We are mindful of the limitations of these results. Our goal here was to investigate PA nanoparticle quantification for the particular situation²⁸ of topically applied nanoparticles using PAT, so the conclusions are restricted to this scenario. The specific values of, e.g., the minimum detectible nanoparticle concentration, will also be particular to the experimental parameters used, such as the laser power and transducer sensitivity and the nanoparticle (i.e., JNP). In addition, an underlying assumption is that $\mathrm{\Gamma }$ does not change with JNP concentration, which is reasonable as PA increases linearly with JNP concentration. It is unlikely for $\mathrm{\Gamma }$ to change within the linear range or at low JNP concentration, but it is possible at high JNP concentration $\mathrm{\Gamma }$ may not remain constant, and contribute to the rate of PA signal flattening. Nevertheless, the results do indicate that topical nanoparticle quantification should be feasible with a sensitivity and accuracy that would be relevant to clinical applications, such as porphysome contrast-enhanced endoscopy.

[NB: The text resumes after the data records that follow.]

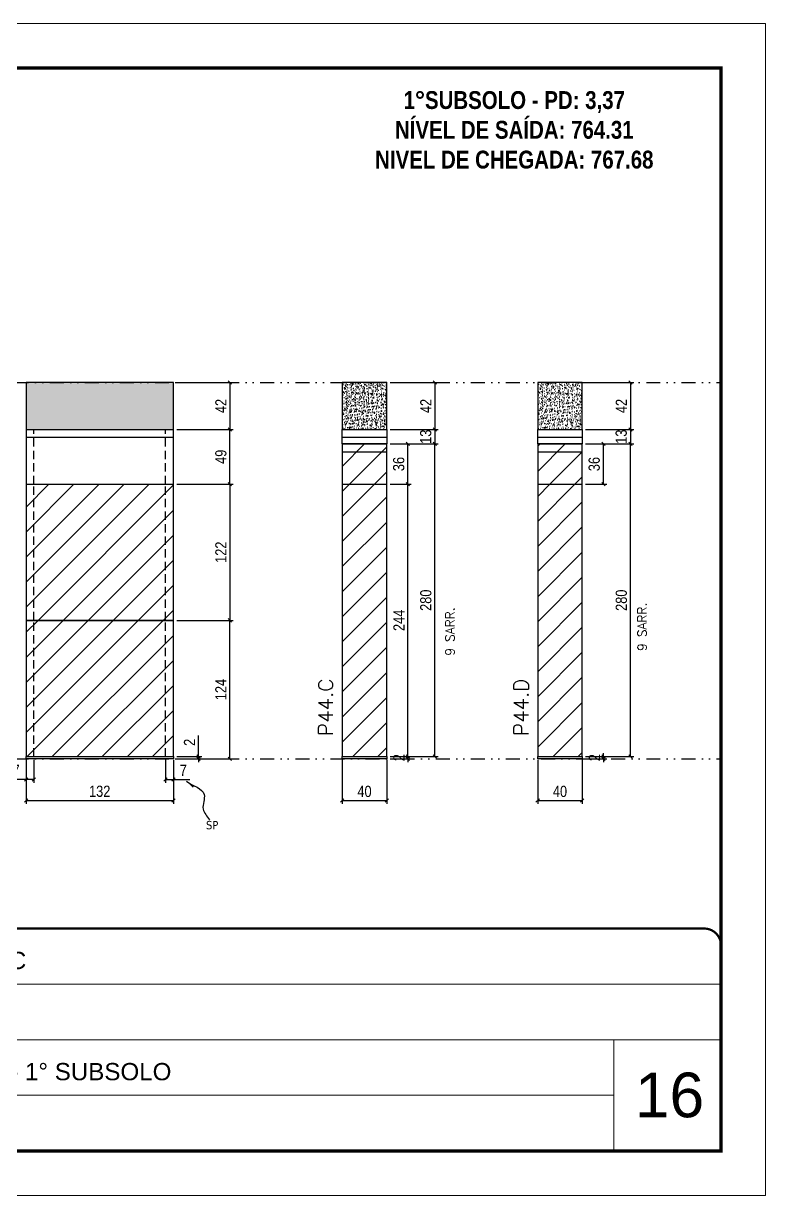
# Model space of a CAD drawing. Extents: x 2949 to 9230, y 1140 to 12527.
# Drawn here: x 8537 to 9203, y 8031 to 9081 of the extents above; entities that cross this region are included whole.
import ezdxf

# ---------------------------------------------------------------- set-up
doc = ezdxf.new("R2010")
doc.units = 0
for name, pattern in [('CONTINUO', [0]), ('DASHED', [0.75, 0.5, -0.25]), ('DIVIDE2', [0.625, 0.25, -0.125, 0, -0.125, 0, -0.125]), ('HIDDEN', [0.375, 0.25, -0.125])]:
    doc.linetypes.add(name, pattern=pattern)
for name, color, linetype, lineweight in [('CARIMBO', 255, 'Continuous', 9), ('Folhas', 255, 'Continuous', 9), ('Hachura', 251, 'Continuous', 9), ('SARRAFO DE PRESSAO', 251, 'DASHED', 9), ('Texto Seção', 7, 'Continuous', 15)]:
    doc.layers.add(name, color=color, linetype=linetype, lineweight=lineweight)
for name, color, linetype in [('COTA', 241, 'Continuous'), ('NOMENCLATURA', 7, 'Continuous'), ('Nível', 160, 'Continuous'), ('Painéis', 200, 'Continuous'), ('SARR_2.2x7', 40, 'Continuous'), ('Sarrafo de Pressão', 42, 'HIDDEN'), ('texto', 7, 'Continuous')]:
    doc.layers.add(name, color=color, linetype=linetype)
doc.styles.add('ARIAL', font='arial.ttf')
doc.styles.add('COTA TECNICA', font='techl___.ttf', dxfattribs={"height": 10})
doc.styles.add('COTA TECNICA-50', font='techl___.ttf', dxfattribs={"height": 10})
doc.styles.add('REGUA-120', font='ROMANS.shx', dxfattribs={"height": 15})
doc.styles.add('ROMANC', font='techb___.ttf', dxfattribs={"height": 2.5})
doc.styles.add('ROMANS', font='romans.shx')
doc.styles.get("Standard").update_dxf_attribs({"font": 'arial.ttf'})
doc.dimstyles.new('COTA PAINEL-50', dxfattribs={"dimtxt": 10, "dimasz": 3, "dimexe": 3, "dimexo": 3, "dimgap": 3, "dimtad": 1, "dimdec": 1, "dimzin": 12, "dimdsep": 46, "dimtxsty": 'COTA TECNICA-50', "dimblk1": 'OBLIQUE', "dimblk2": 'OBLIQUE', "dimsah": 1, "dimcen": 0.9, "dimclrd": 4, "dimclre": 4, "dimclrt": 240, "dimadec": 1, "dimazin": 3, "dimtfac": 1, "dimtdec": 1, "dimtmove": 0, "dimatfit": 3, "dimfxl": 1, "dimtolj": 1, "dimtzin": 12, "dimarcsym": 0})
doc.dimstyles.new('PAINEL', dxfattribs={"dimtxt": 10, "dimasz": 3, "dimexe": 3, "dimexo": 3, "dimgap": 3, "dimtad": 1, "dimdec": 1, "dimzin": 12, "dimdsep": 46, "dimtxsty": 'COTA TECNICA', "dimblk1": 'OBLIQUE', "dimblk2": 'OBLIQUE', "dimsah": 1, "dimcen": 0.9, "dimclrd": 4, "dimclre": 4, "dimclrt": 240, "dimadec": 1, "dimazin": 3, "dimtfac": 1, "dimtdec": 1, "dimtmove": 0, "dimatfit": 3, "dimfxl": 1, "dimtolj": 1, "dimtzin": 12, "dimarcsym": 0})
doc.dimstyles.get("Standard").update_dxf_attribs({"dimtxt": 0.18, "dimasz": 0.18, "dimexe": 0.18, "dimexo": 0.0625, "dimgap": 0.09, "dimtad": 0, "dimtih": 1, "dimtoh": 1, "dimdec": 4, "dimzin": 0, "dimdsep": 46, "dimtxsty": 'Standard', "dimcen": 0.09, "dimadec": 0, "dimazin": 0, "dimtfac": 1, "dimtdec": 4, "dimtofl": 0, "dimtmove": 0, "dimatfit": 3, "dimfxl": 1, "dimtolj": 1, "dimtzin": 0, "dimarcsym": 0})
pattern_1 = [(45, (-126071.967, -22713.47), (-11.2253202, 11.2253202), [])]

# ---------------------------------------------------------------- blocks, each defined once
blk = doc.blocks.new('9999999999')
at = {"color": 30, "linetype": 'CONTINUO'}
for p, q in [((98564.6, 34379.6), (99584, 34379.6)), ((98564.6, 34329.8), (99488, 34329.8)), ((99584, 34329.8), (99488, 34329.8)), ((99488, 34329.8), (99488, 34230.2)), ((98564.6, 34280), (99488, 34280))]:
    blk.add_line(p, q, dxfattribs=at)
at = {"color": 30, "linetype": 'CONTINUO', "const_width": 2}
blk.add_lwpolyline([(99584, 34230.2), (99584, 34414.4, 0.414214), (99569, 34429.4), (98229, 34429.4, 0.414214), (98214, 34414.4), (98214, 34245.2, 0.414214), (98229, 34230.2), (99584, 34230.2)], format="xyb", dxfattribs=at)
at = {"layer": 'Folhas'}
blk.add_lwpolyline([(98139, 34190.2), (99624, 34190.2), (99624, 35240.2), (98139, 35240.2)], close=True, dxfattribs=at)
at = {"layer": 'Folhas', "color": 30, "const_width": 3}
blk.add_lwpolyline([(98214, 34230.2), (99584, 34230.2), (99584, 35200.2), (98214, 35200.2)], close=True, dxfattribs=at)
at = {"color": 7, "linetype": 'Continuous', "ltscale": 5, "style": 'ARIAL'}
for s, height, p in [('ROCONTEC', 15.48, (98837.7, 34393.1)), ('TRECHO I - 1° SUBSOLO', 15.483, (98837.7, 34293.5))]:
    blk.add_text(s, height=height, dxfattribs=at).set_placement(p)
blk = doc.blocks.new('_Oblique')
at = {"color": 0, "linetype": 'ByBlock', "lineweight": -2}
blk.add_line((-0.5, -0.5), (0.5, 0.5), dxfattribs=at)
blk = doc.blocks.new('*D1219')
at = {"layer": 'COTA', "color": 4, "lineweight": -2, "transparency": 16777216}
for p, q in [((8539.8, 8421.3), (8539.8, 8381.8)), ((8671.8, 8421.3), (8671.8, 8381.8)), ((8539.8, 8384.8), (8671.8, 8384.8))]:
    blk.add_line(p, q, dxfattribs=at)
at = {"layer": 'Defpoints', "color": 0, "transparency": 16777216}
for p in [(8539.8, 8424.3), (8671.8, 8424.3), (8671.8, 8384.8)]:
    blk.add_point(p, dxfattribs=at)
at = {"layer": 'COTA', "color": 4, "lineweight": -2, "transparency": 16777216, "xscale": 3, "yscale": 3, "zscale": 3, "rotation": 180}
blk.add_blockref('_Oblique', (8539.8, 8384.8), dxfattribs=at)
at = {"layer": 'COTA', "color": 4, "lineweight": -2, "transparency": 16777216, "xscale": 3, "yscale": 3, "zscale": 3}
blk.add_blockref('_Oblique', (8671.8, 8384.8), dxfattribs=at)
at = {"layer": 'COTA', "color": 240, "transparency": 16777216, "insert": (8605.8, 8393.1), "char_height": 10, "attachment_point": 5, "style": 'COTA TECNICA'}
blk.add_mtext('\\A1;132', dxfattribs=at)
blk = doc.blocks.new('*D1220')
at = {"layer": 'COTA', "color": 4, "lineweight": -2, "transparency": 16777216}
for p, q in [((8823.1, 8421.3), (8823.1, 8381.9)), ((8863.1, 8421.3), (8863.1, 8381.9)), ((8823.1, 8384.9), (8863.1, 8384.9))]:
    blk.add_line(p, q, dxfattribs=at)
at = {"layer": 'Defpoints', "color": 0, "transparency": 16777216}
for p in [(8823.1, 8424.3), (8863.1, 8424.3), (8863.1, 8384.9)]:
    blk.add_point(p, dxfattribs=at)
at = {"layer": 'COTA', "color": 4, "lineweight": -2, "transparency": 16777216, "xscale": 3, "yscale": 3, "zscale": 3, "rotation": 180}
blk.add_blockref('_Oblique', (8823.1, 8384.9), dxfattribs=at)
at = {"layer": 'COTA', "color": 4, "lineweight": -2, "transparency": 16777216, "xscale": 3, "yscale": 3, "zscale": 3}
blk.add_blockref('_Oblique', (8863.1, 8384.9), dxfattribs=at)
at = {"layer": 'COTA', "color": 240, "transparency": 16777216, "insert": (8843.1, 8393), "char_height": 10, "attachment_point": 5, "style": 'COTA TECNICA'}
blk.add_mtext('\\A1;40', dxfattribs=at)
blk = doc.blocks.new('*D1606')
at = {"layer": 'COTA', "color": 4, "lineweight": -2, "transparency": 16777216}
for p, q in [((8546.8, 8421.3), (8546.8, 8400.8)), ((8539.8, 8419.3), (8539.8, 8400.8)), ((8539.8, 8403.8), (8525.1, 8403.8)), ((8546.8, 8403.8), (8539.8, 8403.8))]:
    blk.add_line(p, q, dxfattribs=at)
at = {"layer": 'Defpoints', "color": 0, "transparency": 16777216}
for p in [(8539.8, 8422.3), (8546.8, 8424.3), (8539.8, 8403.8)]:
    blk.add_point(p, dxfattribs=at)
at = {"layer": 'COTA', "color": 4, "lineweight": -2, "transparency": 16777216, "xscale": 3, "yscale": 3, "zscale": 3, "rotation": 180}
blk.add_blockref('_Oblique', (8539.8, 8403.8), dxfattribs=at)
at = {"layer": 'COTA', "color": 4, "lineweight": -2, "transparency": 16777216, "xscale": 3, "yscale": 3, "zscale": 3}
blk.add_blockref('_Oblique', (8546.8, 8403.8), dxfattribs=at)
at = {"layer": 'COTA', "color": 240, "transparency": 16777216, "insert": (8530.9, 8411.9), "char_height": 10, "attachment_point": 5, "style": 'COTA TECNICA-50'}
blk.add_mtext('\\A1;7', dxfattribs=at)
blk = doc.blocks.new('*D1607')
at = {"layer": 'COTA', "color": 4, "lineweight": -2, "transparency": 16777216}
for p, q in [((8664.8, 8421.3), (8664.8, 8400.8)), ((8671.8, 8419.3), (8671.8, 8400.8)), ((8664.8, 8403.8), (8671.8, 8403.8)), ((8671.8, 8403.8), (8686.5, 8403.8))]:
    blk.add_line(p, q, dxfattribs=at)
at = {"layer": 'Defpoints', "color": 0, "transparency": 16777216}
for p in [(8664.8, 8424.3), (8671.8, 8422.3), (8671.8, 8403.8)]:
    blk.add_point(p, dxfattribs=at)
at = {"layer": 'COTA', "color": 4, "lineweight": -2, "transparency": 16777216, "xscale": 3, "yscale": 3, "zscale": 3, "rotation": 180}
blk.add_blockref('_Oblique', (8664.8, 8403.8), dxfattribs=at)
at = {"layer": 'COTA', "color": 4, "lineweight": -2, "transparency": 16777216, "xscale": 3, "yscale": 3, "zscale": 3}
blk.add_blockref('_Oblique', (8671.8, 8403.8), dxfattribs=at)
at = {"layer": 'COTA', "color": 240, "transparency": 16777216, "insert": (8680.7, 8411.9), "char_height": 10, "attachment_point": 5, "style": 'COTA TECNICA-50'}
blk.add_mtext('\\A1;7', dxfattribs=at)
blk = doc.blocks.new('*D1608')
at = {"layer": 'COTA', "color": 4, "lineweight": -2, "transparency": 16777216}
for p, q in [((8674.8, 8546.3), (8725.5, 8546.3)), ((8722.5, 8422.3), (8722.5, 8546.3)), ((8674.8, 8422.3), (8725.5, 8422.3))]:
    blk.add_line(p, q, dxfattribs=at)
at = {"layer": 'Defpoints', "color": 0, "transparency": 16777216}
for p in [(8671.8, 8546.3), (8722.5, 8546.3), (8671.8, 8422.3)]:
    blk.add_point(p, dxfattribs=at)
at = {"layer": 'COTA', "color": 4, "lineweight": -2, "transparency": 16777216, "xscale": 3, "yscale": 3, "zscale": 3}
for p, rotation in [((8722.5, 8546.3), 90), ((8722.5, 8422.3), 270)]:
    blk.add_blockref('_Oblique', p, dxfattribs=dict(at, rotation=rotation))
at = {"layer": 'COTA', "color": 240, "transparency": 16777216, "insert": (8714.4, 8484.3), "char_height": 10, "attachment_point": 5, "rotation": 90, "style": 'COTA TECNICA-50'}
blk.add_mtext('\\A1;124', dxfattribs=at)
blk = doc.blocks.new('*D1609')
at = {"layer": 'COTA', "color": 4, "lineweight": -2, "transparency": 16777216}
for p, q in [((8694.3, 8424.3), (8694.3, 8443.1)), ((8674.8, 8424.3), (8697.3, 8424.3)), ((8674.8, 8422.3), (8697.3, 8422.3)), ((8694.3, 8422.3), (8694.3, 8424.3)), ((8694.3, 8422.3), (8694.3, 8419.3))]:
    blk.add_line(p, q, dxfattribs=at)
at = {"layer": 'Defpoints', "color": 0, "transparency": 16777216}
for p in [(8671.8, 8424.3), (8671.8, 8422.3), (8694.3, 8422.3)]:
    blk.add_point(p, dxfattribs=at)
at = {"layer": 'COTA', "color": 4, "lineweight": -2, "transparency": 16777216, "xscale": 3, "yscale": 3, "zscale": 3}
for p, rotation in [((8694.3, 8424.3), 270), ((8694.3, 8422.3), 90)]:
    blk.add_blockref('_Oblique', p, dxfattribs=dict(at, rotation=rotation))
at = {"layer": 'COTA', "color": 240, "transparency": 16777216, "insert": (8686.3, 8437), "char_height": 10, "attachment_point": 5, "rotation": 90, "style": 'COTA TECNICA-50'}
blk.add_mtext('\\A1;2', dxfattribs=at)
blk = doc.blocks.new('*D1610')
at = {"layer": 'COTA', "color": 4, "linetype": 'ByBlock', "lineweight": -2, "transparency": 16777216}
for p, q in [((8674.8, 8717.3), (8725.5, 8717.3)), ((8722.5, 8668.3), (8722.5, 8717.3)), ((8674.8, 8668.3), (8725.5, 8668.3))]:
    blk.add_line(p, q, dxfattribs=at)
at = {"layer": 'Defpoints', "color": 0, "linetype": 'ByBlock', "transparency": 16777216}
for p in [(8671.8, 8717.3), (8722.5, 8717.3), (8671.8, 8668.3)]:
    blk.add_point(p, dxfattribs=at)
at = {"layer": 'COTA', "color": 4, "linetype": 'ByBlock', "lineweight": -2, "transparency": 16777216, "xscale": 3, "yscale": 3, "zscale": 3}
for p, rotation in [((8722.5, 8717.3), 90), ((8722.5, 8668.3), 270)]:
    blk.add_blockref('_Oblique', p, dxfattribs=dict(at, rotation=rotation))
at = {"layer": 'COTA', "color": 240, "linetype": 'ByBlock', "transparency": 16777216, "insert": (8714.4, 8692.8), "char_height": 10, "attachment_point": 5, "rotation": 90, "style": 'COTA TECNICA'}
blk.add_mtext('\\A1;49', dxfattribs=at)
blk = doc.blocks.new('*D1611')
at = {"layer": 'COTA', "color": 4, "lineweight": -2, "transparency": 16777216}
for p, q in [((8866.1, 8424.3), (8885, 8424.3)), ((8866.1, 8422.3), (8885, 8422.3)), ((8882, 8424.3), (8882, 8427.3)), ((8882, 8422.3), (8882, 8424.3)), ((8882, 8422.3), (8882, 8419.3))]:
    blk.add_line(p, q, dxfattribs=at)
at = {"layer": 'Defpoints', "color": 0, "transparency": 16777216}
for p in [(8863.1, 8424.3), (8863.1, 8422.3), (8882, 8424.3)]:
    blk.add_point(p, dxfattribs=at)
at = {"layer": 'COTA', "color": 4, "lineweight": -2, "transparency": 16777216, "xscale": 3, "yscale": 3, "zscale": 3}
for p, rotation in [((8882, 8424.3), 270), ((8882, 8422.3), 90)]:
    blk.add_blockref('_Oblique', p, dxfattribs=dict(at, rotation=rotation))
at = {"layer": 'COTA', "color": 240, "transparency": 16777216, "insert": (8874, 8423.3), "char_height": 10, "attachment_point": 5, "rotation": 90, "style": 'COTA TECNICA-50'}
blk.add_mtext('\\A1;2', dxfattribs=at)
blk = doc.blocks.new('*D2167')
at = {"layer": 'COTA', "color": 4, "linetype": 'ByBlock', "lineweight": -2, "transparency": 16777216}
for p, q in [((8866.1, 8759.3), (8909.2, 8759.3)), ((8906.2, 8759.3), (8906.2, 8717.3)), ((8866.1, 8717.3), (8909.2, 8717.3))]:
    blk.add_line(p, q, dxfattribs=at)
at = {"layer": 'Defpoints', "color": 0, "linetype": 'ByBlock', "transparency": 16777216}
for p in [(8863.1, 8759.3), (8863.1, 8717.3), (8906.2, 8717.3)]:
    blk.add_point(p, dxfattribs=at)
at = {"layer": 'COTA', "color": 4, "linetype": 'ByBlock', "lineweight": -2, "transparency": 16777216, "xscale": 3, "yscale": 3, "zscale": 3}
for p, rotation in [((8906.2, 8759.3), 90), ((8906.2, 8717.3), 270)]:
    blk.add_blockref('_Oblique', p, dxfattribs=dict(at, rotation=rotation))
at = {"layer": 'COTA', "color": 240, "linetype": 'ByBlock', "transparency": 16777216, "insert": (8898.1, 8738.3), "char_height": 10, "attachment_point": 5, "rotation": 90, "style": 'COTA TECNICA'}
blk.add_mtext('\\A1;42', dxfattribs=at)
blk = doc.blocks.new('*D2168')
at = {"layer": 'COTA', "color": 4, "linetype": 'ByBlock', "lineweight": -2, "transparency": 16777216}
for p, q in [((8866.1, 8704.3), (8909.2, 8704.3)), ((8906.2, 8424.3), (8906.2, 8704.3)), ((8866.1, 8424.3), (8909.2, 8424.3))]:
    blk.add_line(p, q, dxfattribs=at)
at = {"layer": 'Defpoints', "color": 0, "linetype": 'ByBlock', "transparency": 16777216}
for p in [(8863.1, 8704.3), (8906.2, 8704.3), (8863.1, 8424.3)]:
    blk.add_point(p, dxfattribs=at)
at = {"layer": 'COTA', "color": 4, "linetype": 'ByBlock', "lineweight": -2, "transparency": 16777216, "xscale": 3, "yscale": 3, "zscale": 3}
for p, rotation in [((8906.2, 8704.3), 90), ((8906.2, 8424.3), 270)]:
    blk.add_blockref('_Oblique', p, dxfattribs=dict(at, rotation=rotation))
at = {"layer": 'COTA', "color": 240, "linetype": 'ByBlock', "transparency": 16777216, "insert": (8898.1, 8564.3), "char_height": 10, "attachment_point": 5, "rotation": 90, "style": 'COTA TECNICA'}
blk.add_mtext('\\A1;280', dxfattribs=at)
blk = doc.blocks.new('*D1619')
at = {"layer": 'COTA', "color": 4, "lineweight": -2, "transparency": 16777216}
for p, q in [((8998.3, 8421.3), (8998.3, 8381.9)), ((9038.3, 8421.3), (9038.3, 8381.9)), ((8998.3, 8384.9), (9038.3, 8384.9))]:
    blk.add_line(p, q, dxfattribs=at)
at = {"layer": 'Defpoints', "color": 0, "transparency": 16777216}
for p in [(8998.3, 8424.3), (9038.3, 8424.3), (9038.3, 8384.9)]:
    blk.add_point(p, dxfattribs=at)
at = {"layer": 'COTA', "color": 4, "lineweight": -2, "transparency": 16777216, "xscale": 3, "yscale": 3, "zscale": 3, "rotation": 180}
blk.add_blockref('_Oblique', (8998.3, 8384.9), dxfattribs=at)
at = {"layer": 'COTA', "color": 4, "lineweight": -2, "transparency": 16777216, "xscale": 3, "yscale": 3, "zscale": 3}
blk.add_blockref('_Oblique', (9038.3, 8384.9), dxfattribs=at)
at = {"layer": 'COTA', "color": 240, "transparency": 16777216, "insert": (9018.3, 8393), "char_height": 10, "attachment_point": 5, "style": 'COTA TECNICA'}
blk.add_mtext('\\A1;40', dxfattribs=at)
blk = doc.blocks.new('*D1620')
at = {"layer": 'COTA', "color": 4, "lineweight": -2, "transparency": 16777216}
for p, q in [((9041.3, 8424.3), (9060.2, 8424.3)), ((9041.3, 8422.3), (9060.2, 8422.3)), ((9057.2, 8424.3), (9057.2, 8427.3)), ((9057.2, 8422.3), (9057.2, 8424.3)), ((9057.2, 8422.3), (9057.2, 8419.3))]:
    blk.add_line(p, q, dxfattribs=at)
at = {"layer": 'Defpoints', "color": 0, "transparency": 16777216}
for p in [(9038.3, 8424.3), (9038.3, 8422.3), (9057.2, 8424.3)]:
    blk.add_point(p, dxfattribs=at)
at = {"layer": 'COTA', "color": 4, "lineweight": -2, "transparency": 16777216, "xscale": 3, "yscale": 3, "zscale": 3}
for p, rotation in [((9057.2, 8424.3), 270), ((9057.2, 8422.3), 90)]:
    blk.add_blockref('_Oblique', p, dxfattribs=dict(at, rotation=rotation))
at = {"layer": 'COTA', "color": 240, "transparency": 16777216, "insert": (9049.2, 8423.3), "char_height": 10, "attachment_point": 5, "rotation": 90, "style": 'COTA TECNICA-50'}
blk.add_mtext('\\A1;2', dxfattribs=at)
blk = doc.blocks.new('*D2171')
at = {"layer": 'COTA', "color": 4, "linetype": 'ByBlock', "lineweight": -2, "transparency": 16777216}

In conclusion, PAT can quantify surface-localized JNPs. Our results enable quantification of the porphysome areal density, and the quantifiable range is determined by the required accuracy. At $\pm 34\%$ error on medium-$a^{\prime }$ tissue, the quantifiable areal concentration is in the range of $17\mathrm{fmol}/{\mathrm{mm}}^2$ to $11\mathrm{pmol}/{\mathrm{mm}}^2$, which should be sufficient for clinical applications, such as biomarker-based diagnosis, or guiding subsequent ablative therapies, such as porphysome-enhanced photothermal therapy.⁹ In correcting the measured signal for the effects of backscattered light from the tissue, we need to know the tissue optical properties, which can be measured from the diffuse reflectance. For endoscopic applications, one can then envisage ways to integrate both PAI and diffuse reflectance measurements in the same probe.